Entre as obras quinhentistas pioneiras de espiritualidade mais profunda editadas em Lisboa encontramos a dada à luz pelo impressor alemão João Blávio, no ano de 1562 e que leva como título LIBRO de S. IOAN CLIMACO, LLAMADO ESCALA SPIRITUAL: En el qual se descriuẽ treinta Escalones, por dõde pueden subir los hõbres a la cumbre dela perfection y fue agora tercera vez trasladado en lengua Castellana por vn Religioso de la orden de S. Domingo. Añadieronse le vnas breues Annotaciones en los primeros cinco Capitulos, para la inteligencia dellos..., e que foi pelo tradutor e parafraseador frei Luís de Granada dedicada à mulher de D. João III, a rainha D. Catarina, irmã do imperador Carlos V, e que sabemos ter sido uma mulher culta e espiritual, pois era filha de Filipe o Belo, Duque de Borgonha e Arquiduque da Áustria, com a corte nos Países Baixos e onde o humanismo florescia maravilhosamente e tendo assim trazido consigo, qual dote para o seu casamento com Portugal, obras de Erasmo (que era conselheiro de seu pai), quando este sábio perene já era perseguido por certos sectores mais conservadores e "sorbónicos" da Igreja e censurado em algumas obras nos Índices ou listas de livros defesos.
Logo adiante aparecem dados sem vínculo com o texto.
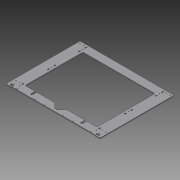
# Autodesk Inventor part: main_frame
Saved by Autodesk Inventor 2013 (Build 170138000, 138)
## iProperties
Created: 2013-11-17
Part Number: main_frame
Material: Generic
Document SubType Name: Modeling
Designer: Masta
Density: 1 g/cm^3
Author: Masta
Autodesk Inventor part; units mm, degrees
ref_plane "YZ Plane" through (0, 0, 0) normal (1, 0, 0) x (0, 1, 0)
ref_plane "XZ Plane" through (0, 0, 0) normal (0, 1, 0) x (-1, 0, 0)
ref_plane "XY Plane" through (0, 0, 0) normal (0, 0, 1) x (1, 0, 0)
sketch "Sketch1" plane through (0, 0, 0) normal (0, 0, 1) x (1, 0, 0)
  line L0 (36.0471, 18.5032) -> (31.0471, 23.3114)
  line L1 (31.0471, 383.5032) -> (36.0471, 388.5032)
  line L2 (36.0471, 388.5032) -> (396.0471, 388.5032)
  line L3 (396.0471, 388.5032) -> (401.0471, 383.5032)
  line L4 (401.0471, 23.5032) -> (396.0471, 18.5032)
  line L5 (376.0471, 18.5032) -> (374.0471, 20.5032)
  line L6 (374.0471, 20.5032) -> (58.0471, 20.5032)
  line L7 (58.0471, 20.5032) -> (56.0471, 18.5032)
  line L8 (111.0471, 58.5032) -> (91.0471, 58.5032)
  line L9 (91.0471, 58.5032) -> (86.0471, 63.5032)
  line L10 (86.0471, 63.5032) -> (86.0471, 343.5032)
  line L11 (86.0471, 343.5032) -> (91.0471, 348.5032)
  line L12 (91.0471, 348.5032) -> (341.0471, 348.5032)
  line L13 (341.0471, 348.5032) -> (346.0471, 343.5032)
  line L14 (346.0471, 343.5032) -> (346.0471, 63.5032)
  line L15 (346.0471, 63.5032) -> (341.0471, 58.5032)
  line L16 (341.0471, 58.5032) -> (321.0471, 58.5032)
  line L17 (211.0471, 33.5032) -> (221.0471, 33.5032)
  line L18 (221.0471, 33.5032) -> (246.0471, 58.5032)
  line L19 (211.0471, 33.5032) -> (186.0471, 58.5032)
  line L20 (141.0471, 58.5032) -> (186.0471, 58.5032)
  line L21 (246.0471, 58.5032) -> (291.0471, 58.5032)
  line L22 (381.0471, 24.5032) -> (381.3268, 24.54)
  line L23 (31.0471, 23.3114) -> (31.0471, 383.5032)
  line L24 (401.0471, 383.5032) -> (401.0471, 23.5032)
  line L25 (396.0471, 18.5032) -> (376.0471, 18.5032) construction
  line L26 (56.0471, 18.5032) -> (36.0471, 18.5032)
  line L27 (373.147, 30.54) -> (372.7474, 29.5753)
  line L28 (372.6111, 28.54) -> (372.7474, 27.5047)
  line L29 (375.5758, 32.4037) -> (374.6111, 32.0041)
  line L30 (385.6423, 32.4037) -> (384.6071, 32.54)
  line L31 (387.4355, 25.7116) -> (388.0712, 26.54)
  line L32 (386.6071, 25.0759) -> (387.4355, 25.7116)
  line L33 (385.6423, 24.6763) -> (386.6071, 25.0759)
  line L34 (374.6111, 25.0759) -> (375.5758, 24.6763)
  line L35 (375.5758, 24.6763) -> (376.6111, 24.54)
  line L36 (372.7474, 27.5047) -> (373.147, 26.54)
  line L37 (387.4355, 31.3684) -> (386.6071, 32.0041)
  line L38 (388.0712, 30.54) -> (387.4355, 31.3684)
  line L39 (376.6111, 32.54) -> (384.6071, 32.54)
  line L40 (374.6111, 32.0041) -> (373.7827, 31.3684)
  line L41 (373.7827, 31.3684) -> (373.147, 30.54)
  line L42 (373.7827, 25.7116) -> (374.6111, 25.0759)
  line L43 (388.4708, 29.5753) -> (388.0712, 30.54)
  line L44 (372.7474, 29.5753) -> (372.6111, 28.54)
  line L45 (373.147, 26.54) -> (373.7827, 25.7116)
  line L46 (388.4708, 27.5047) -> (388.6071, 28.54)
  line L47 (388.0712, 26.54) -> (388.4708, 27.5047)
  line L48 (376.6111, 32.54) -> (375.5758, 32.4037)
  line L49 (384.6739, 24.54) -> (385.6423, 24.6763)
  line L50 (376.6111, 24.54) -> (380.7674, 24.54)
  line L51 (388.6071, 28.54) -> (388.4708, 29.5753)
  line L52 (386.6071, 32.0041) -> (385.6423, 32.4037)
  line L53 (380.7674, 24.54) -> (381.0471, 24.5032)
  line L54 (380.7674, 24.54) -> (381.3268, 24.54)
  line L55 (381.3268, 24.54) -> (384.6739, 24.54)
  line L56 (43.0736, 28.54) -> (43.2099, 27.5047)
  line L57 (43.6095, 30.54) -> (43.2099, 29.5753)
  line L58 (46.0383, 32.4037) -> (45.0736, 32.0041)
  line L59 (56.1048, 32.4037) -> (55.0696, 32.54)
  line L60 (57.898, 25.7116) -> (58.5337, 26.54)
  line L61 (57.0696, 25.0759) -> (57.898, 25.7116)
  line L62 (56.1048, 24.6763) -> (57.0696, 25.0759)
  line L63 (45.0736, 25.0759) -> (46.0383, 24.6763)
  line L64 (46.0383, 24.6763) -> (47.0736, 24.54)
  line L65 (43.2099, 27.5047) -> (43.6095, 26.54)
  line L66 (57.898, 31.3684) -> (57.0696, 32.0041)
  line L67 (58.5337, 30.54) -> (57.898, 31.3684)
  line L68 (47.0736, 32.54) -> (55.0696, 32.54)
  line L69 (45.0736, 32.0041) -> (44.2452, 31.3684)
  line L70 (44.2452, 31.3684) -> (43.6095, 30.54)
  line L71 (44.2452, 25.7116) -> (45.0736, 25.0759)
  line L72 (58.9333, 29.5753) -> (58.5337, 30.54)
  line L73 (43.2099, 29.5753) -> (43.0736, 28.54)
  line L74 (43.6095, 26.54) -> (44.2452, 25.7116)
  line L75 (58.9333, 27.5047) -> (59.0696, 28.54)
  line L76 (58.5337, 26.54) -> (58.9333, 27.5047)
  line L77 (47.0736, 32.54) -> (46.0383, 32.4037)
  line L78 (55.1364, 24.54) -> (56.1048, 24.6763)
  line L79 (47.0736, 24.54) -> (55.1364, 24.54)
  line L80 (59.0696, 28.54) -> (58.9333, 29.5753)
  line L81 (57.0696, 32.0041) -> (56.1048, 32.4037)
  line L82 (354.7971, 370.2459) -> (354.7971, 379.2459)
  line L83 (354.7971, 379.2459) -> (361.2971, 379.2459)
  line L84 (361.2971, 379.2459) -> (361.2971, 370.2459)
  line L85 (361.2971, 370.2459) -> (354.7971, 370.2459)
  line L86 (354.7971, 337.9459) -> (354.7971, 346.9459)
  line L87 (354.7971, 346.9459) -> (361.2971, 346.9459)
  line L88 (361.2971, 346.9459) -> (361.2971, 337.9459)
  line L89 (361.2971, 337.9459) -> (354.7971, 337.9459)
  line L90 (354.7971, 215.1532) -> (354.7971, 224.1532)
  line L91 (354.7971, 224.1532) -> (361.2971, 224.1532)
  line L92 (361.2971, 224.1532) -> (361.2971, 215.1532)
  line L93 (361.2971, 215.1532) -> (354.7971, 215.1532)
  line L94 (354.7971, 182.8532) -> (354.7971, 191.8532)
  line L95 (354.7971, 191.8532) -> (361.2971, 191.8532)
  line L96 (361.2971, 191.8532) -> (361.2971, 182.8532)
  line L97 (361.2971, 182.8532) -> (354.7971, 182.8532)
  line L98 (354.7971, 55.1531) -> (354.7971, 64.1531)
  line L99 (354.7971, 64.1531) -> (361.2971, 64.1531)
  line L100 (361.2971, 64.1531) -> (361.2971, 55.1531)
  line L101 (361.2971, 55.1531) -> (354.7971, 55.1531)
  line L102 (70.7971, 370.2459) -> (70.7971, 379.2459)
  line L103 (70.7971, 379.2459) -> (77.2971, 379.2459)
  line L104 (77.2971, 379.2459) -> (77.2971, 370.2459)
  line L105 (77.2971, 370.2459) -> (70.7971, 370.2459)
  line L106 (70.7971, 337.9459) -> (70.7971, 346.9459)
  line L107 (70.7971, 346.9459) -> (77.2971, 346.9459)
  line L108 (77.2971, 346.9459) -> (77.2971, 337.9459)
  line L109 (77.2971, 337.9459) -> (70.7971, 337.9459)
  line L110 (70.7971, 215.1532) -> (70.7971, 224.1532)
  line L111 (70.7971, 224.1532) -> (77.2971, 224.1532)
  line L112 (77.2971, 224.1532) -> (77.2971, 215.1532)
  line L113 (77.2971, 215.1532) -> (70.7971, 215.1532)
  line L114 (70.7971, 182.8532) -> (70.7971, 191.8532)
  line L115 (70.7971, 191.8532) -> (77.2971, 191.8532)
  line L116 (77.2971, 191.8532) -> (77.2971, 182.8532)
  line L117 (77.2971, 182.8532) -> (70.7971, 182.8532)
  line L118 (70.7971, 55.1531) -> (70.7971, 64.1531)
  line L119 (70.7971, 64.1531) -> (77.2971, 64.1531)
  line L120 (77.2971, 64.1531) -> (77.2971, 55.1531)
  line L121 (77.2971, 55.1531) -> (70.7971, 55.1531)
  line L122 (359.8464, 203.5032) -> (359.785, 203.969)
  line L123 (359.785, 203.969) -> (359.6051, 204.4031)
  line L124 (359.6051, 204.4031) -> (359.319, 204.7759)
  line L125 (359.319, 204.7759) -> (358.9462, 205.0619)
  line L126 (358.9462, 205.0619) -> (358.512, 205.2416)
  line L127 (358.512, 205.2416) -> (358.0461, 205.3029)
  line L128 (358.0461, 205.3029) -> (357.5803, 205.2415)
  line L129 (357.5803, 205.2415) -> (357.1462, 205.0616)
  line L130 (357.1462, 205.0616) -> (356.7734, 204.7755)
  line L131 (356.7734, 204.7755) -> (356.4874, 204.4027)
  line L132 (356.4874, 204.4027) -> (356.3077, 203.9685)
  line L133 (356.3077, 203.9685) -> (356.2464, 203.5026)
  line L134 (356.2464, 203.5026) -> (356.3078, 203.0368)
  line L135 (356.3078, 203.0368) -> (356.4877, 202.6027)
  line L136 (356.4877, 202.6027) -> (356.7738, 202.2299)
  line L137 (356.7738, 202.2299) -> (357.1466, 201.9439)
  line L138 (357.1466, 201.9439) -> (357.5808, 201.7642)
  line L139 (357.5808, 201.7642) -> (358.0466, 201.7029)
  line L140 (358.0466, 201.7029) -> (358.5125, 201.7643)
  line L141 (358.5125, 201.7643) -> (358.9466, 201.9442)
  line L142 (358.9466, 201.9442) -> (359.3194, 202.2303)
  line L143 (359.3194, 202.2303) -> (359.6054, 202.6031)
  line L144 (359.6054, 202.6031) -> (359.7851, 203.0373)
  line L145 (359.7851, 203.0373) -> (359.8464, 203.5032)
  line L146 (359.8591, 358.5032) -> (359.7948, 358.9687)
  line L147 (359.7948, 358.9687) -> (359.6121, 359.4017)
  line L148 (359.6121, 359.4017) -> (359.3237, 359.7726)
  line L149 (359.3237, 359.7726) -> (358.949, 360.0562)
  line L150 (358.949, 360.0562) -> (358.5137, 360.2332)
  line L151 (358.5137, 360.2332) -> (358.0475, 360.2915)
  line L152 (358.0475, 360.2915) -> (357.582, 360.2272)
  line L153 (357.582, 360.2272) -> (357.1491, 360.0446)
  line L154 (357.1491, 360.0446) -> (356.7781, 359.7561)
  line L155 (356.7781, 359.7561) -> (356.4945, 359.3814)
  line L156 (356.4945, 359.3814) -> (356.3175, 358.9462)
  line L157 (356.3175, 358.9462) -> (356.2592, 358.4799)
  line L158 (356.2592, 358.4799) -> (356.3235, 358.0144)
  line L159 (356.3235, 358.0144) -> (356.5062, 357.5815)
  line L160 (356.5062, 357.5815) -> (356.7946, 357.2106)
  line L161 (356.7946, 357.2106) -> (357.1693, 356.9269)
  line L162 (357.1693, 356.9269) -> (357.6046, 356.7499)
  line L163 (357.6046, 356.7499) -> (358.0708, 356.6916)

Neste retrato de António Mouro (de 1553) qual seria o livrinho religioso de D. Catarina? |
A dedicatória do sábio místico Frei Luís de Granada (1504-1588, em Lisboa), que viu partes mais místico-quietistas das suas obras censuradas (e logo reimpressas emendadas) e que era admirador de Pico de della Mirandola e de Erasmo, como entre nós José V. de Pina Martins provava (ao inclui-los num dos seus volumes de Sermões) e gostava de realçar, tem mesmo algo de profético, pois a rainha D. Catarina, tendo vivido entre 1507 e 1578, casada com D. João III de 1525 a 1557, e regendo na menoridade de D. Sebastião até 1562, acabaria por retirar-se da vida cortesã ou áulica.
E o que diz a sábia dedicatória à "Sereníssima Senhora", uma caracterização quase impossível nos dias de hoje tão agitados, nas suas linhas finais? - «Receba pois V. A[lteza] com sua acostumada serenidade este pequeno presente: para que quando alguma vez for aos mosteiros da Madre de Deus, ou da Esperança [talvez os dois principais lisboetas de então] a respirar com Deus [que significativa caracterização do recolhimento] dos trabalhos contínuos o governo, tenha com que recrear algum tanto seu espírito com a lição deste divino Livro. Cuja mui alta e poderosa pessoa e estado nosso Senhor amplifique e engrandeça com perpétuos favores do Céu.»
E assim veio a suceder, porque a Rainha, abdicando no seu filho Sebastião, retirou-se para o mosteiro da Madre de Deus e certamente terá lido o livrinho.
Nos seus 220 fólios, e dividido em trinta capítulos, vinte e seis acerca dos vícios e das virtudes e da vida purgativa, e os últimos quatro sendo da sagrada Quietude do corpo e da alma, da bem aventurada virtude da Oração, e da maneira que nela assiste o homem diante de Deus, do Céu terreal, que é a bem-aventurada Tranquilidade; e da perfeição e ressurreição espiritual da alma antes da ressurreição comum, e da união e vínculo das três virtudes teologais, Fé, Esperança e Caridade, está repleto de psicologia ascética, filosofia moral, doutrina teológica e realização espiritual, baseada em grande parte nos primeiros Padres do deserto, nos místicos medievais, e em especial em S. João Clímaco (em grego, escada), o autor da Escada Espiritual (ou Escada Celestial) que, tendo vivido aproximadamente entre 540 e 610, chegando a abade do famoso mosteiro do monte Sinai, veio a ser traduzido para o latim (em 1300 pelo frade menor João Clareno, um franciscano espiritual) e para as línguas vulgares, conhecendo-se muitos códices gregos e várias traduções.
Houve em Portugal antes desta edição (alargada a outros autores e parafraseada, em castelhano e que tal como Frei Luís de Granada menciona já era uma terceira tradução), a tradução manuscrita da versão latina de João Clareno existente num códice em português-medievo, bastante mais pequena, realizada por um Frei Martinho do mosteiro de Alcobaça e que se encontra, desde a extinção das Ordens religiosas em 1834, na Biblioteca Nacional, e que foi citada em parte pelo P. Mário Martins e excelentemente estudada e editada recentemente por Ilma Magalhães Alkima (estando online). Anote-se que houve uma tradução de João Mendes de Almeida Júnior, em 1902, no Brasil, da versão em castelhano de 1562, sob o título Clímax, ou Escada do Céu.